# Morocco Photo`s



## gdleeds

Just got back so put a thank you forward to Desert Detours, little did I know what interest there would be from my fellow motor homers.

I must start with anyone considering going on a Moroccan adventure must just do it, forget all the negatives and treat the tour as a road trip, with spectacular scenery and wonderful, kind and happy people.

The trip takes in some great sites and the drive is a delight, don't expect European standards in the `sites` but you are taking your own luxury accommodation with you.

With regard to the Moroccan people, we found them to be kind and courteous, and honest!
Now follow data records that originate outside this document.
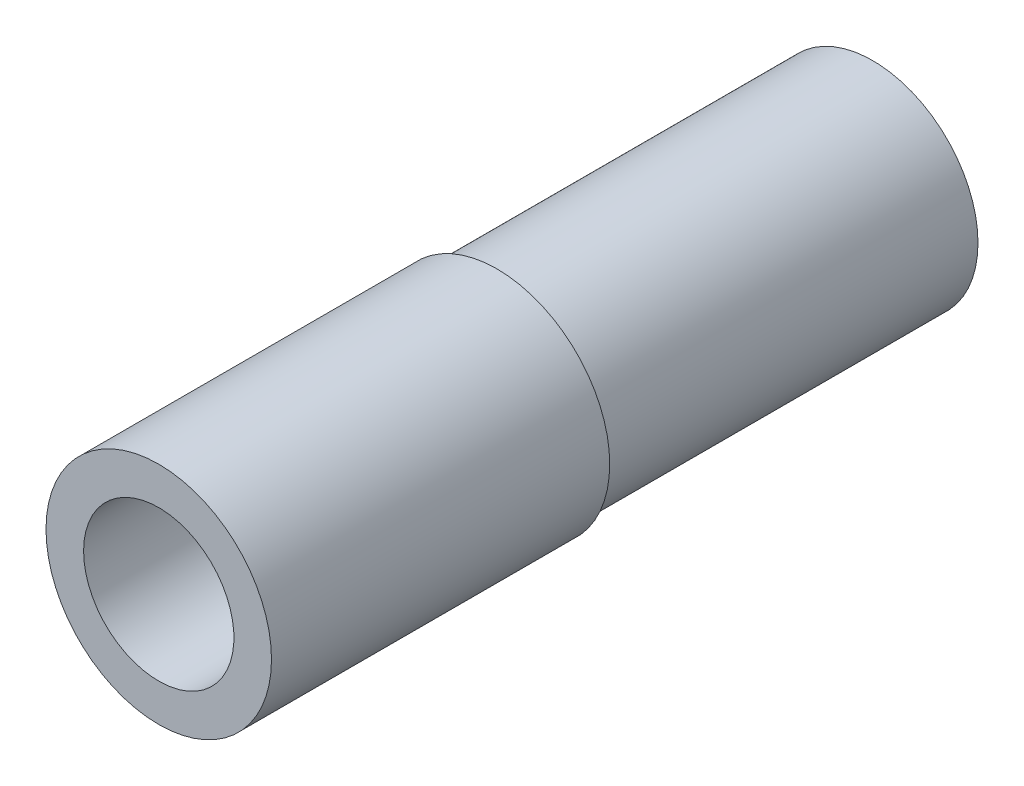
from build123d import *

# Parameters (mm, degrees)
SKETCH1_R           = 15
BOSS_EXTRUDE1_DEPTH = 45
SKETCH2_R           = 10
CUT_EXTRUDE1_DEPTH  = 46
SKETCH3_R           = 14
BOSS_EXTRUDE2_DEPTH = 50
SKETCH5_R           = 10
CUT_EXTRUDE2_DEPTH  = 18


with BuildPart() as part:
    # Sketch1 → Boss-Extrude1 (new body)
    with BuildSketch(Plane.XY):
        Circle(SKETCH1_R)
    extrude(amount=BOSS_EXTRUDE1_DEPTH)

    # Sketch2 → Cut-Extrude1 (cut, through all)
    with BuildSketch(Plane(origin=(0, 0, 0), x_dir=(-1, 0, 0), z_dir=(0, 0, -1))):
        Circle(SKETCH2_R)
    extrude(amount=-CUT_EXTRUDE1_DEPTH, mode=Mode.SUBTRACT)

    # Sketch3 → Boss-Extrude2 (add)
    with BuildSketch(Plane(origin=(0, 0, 0), x_dir=(-1, 0, 0), z_dir=(0, 0, -1))):
        Circle(SKETCH3_R)
    extrude(amount=BOSS_EXTRUDE2_DEPTH)

    # Sketch5 → Cut-Extrude2 (cut)
    with BuildSketch(Plane(origin=(0, 0, -50), x_dir=(-1, 0, 0), z_dir=(0, 0, -1))):
        Circle(SKETCH5_R)
    extrude(amount=-CUT_EXTRUDE2_DEPTH, mode=Mode.SUBTRACT)


solid = part.part

I left my camera equipment in a taxi, the UK retail value of the camera and lens`s would have kept a local going for a year or two, but not realising immediately my loss, by the time Ahmed our DD guide and I were ready to go down to the Police to report the loss, something I was more concerned about than the loss, 

one thing the Moroccan love is paperwork!, anyway we walked out of the site gated to hail a cab, and up comes the driver of the taxi we had used, out he jumps opens his boot and presents me with my camera bag, what a delightful surprise, as the taxi ride cost only 10 Derams about 65p the tip I gave made this man a very happy chappy.


----------



## gdleeds

more shots


----------



## gdleeds

more shots...........


----------



## gdleeds

Even more


----------



## asprn

*Re: Back from Moorocco 2*



gdleeds said:


> Just got back so put a thank you forward to Desert Detours, little did I know what interest there would be from my fellow motor homers


Thanks for putting the pics up, and glad you've reported back on such a great trip. Reminds me I must firm up with Ray on a provisional booking. :roll:

Dougie.


----------



## geraldandannie

Thanks for the extra pictures, Graham. Brilliant taster of the tour.

Gerald


----------



## Briarose

Hi thanks for the pics great to see them, my best friend loved Morocco and calls it the land of the smiling faces.........they had a fantastic time in their MH. I would love to go there too in our MH but with two pooches on board sadly we can't go there.


----------



## gdleeds

thanks for the comments


----------



## EdinburghCamper

Some fantastic photos, and you have really inspired me to visit. The fact that it is all organised and you are in a large group, even better.

Well done.


----------



## PAT4NEIL

Wow it looks great, we are going to Morocco for the first time on our own in DEC/Jan, when we originally looked into going there was no room with Desert Detours.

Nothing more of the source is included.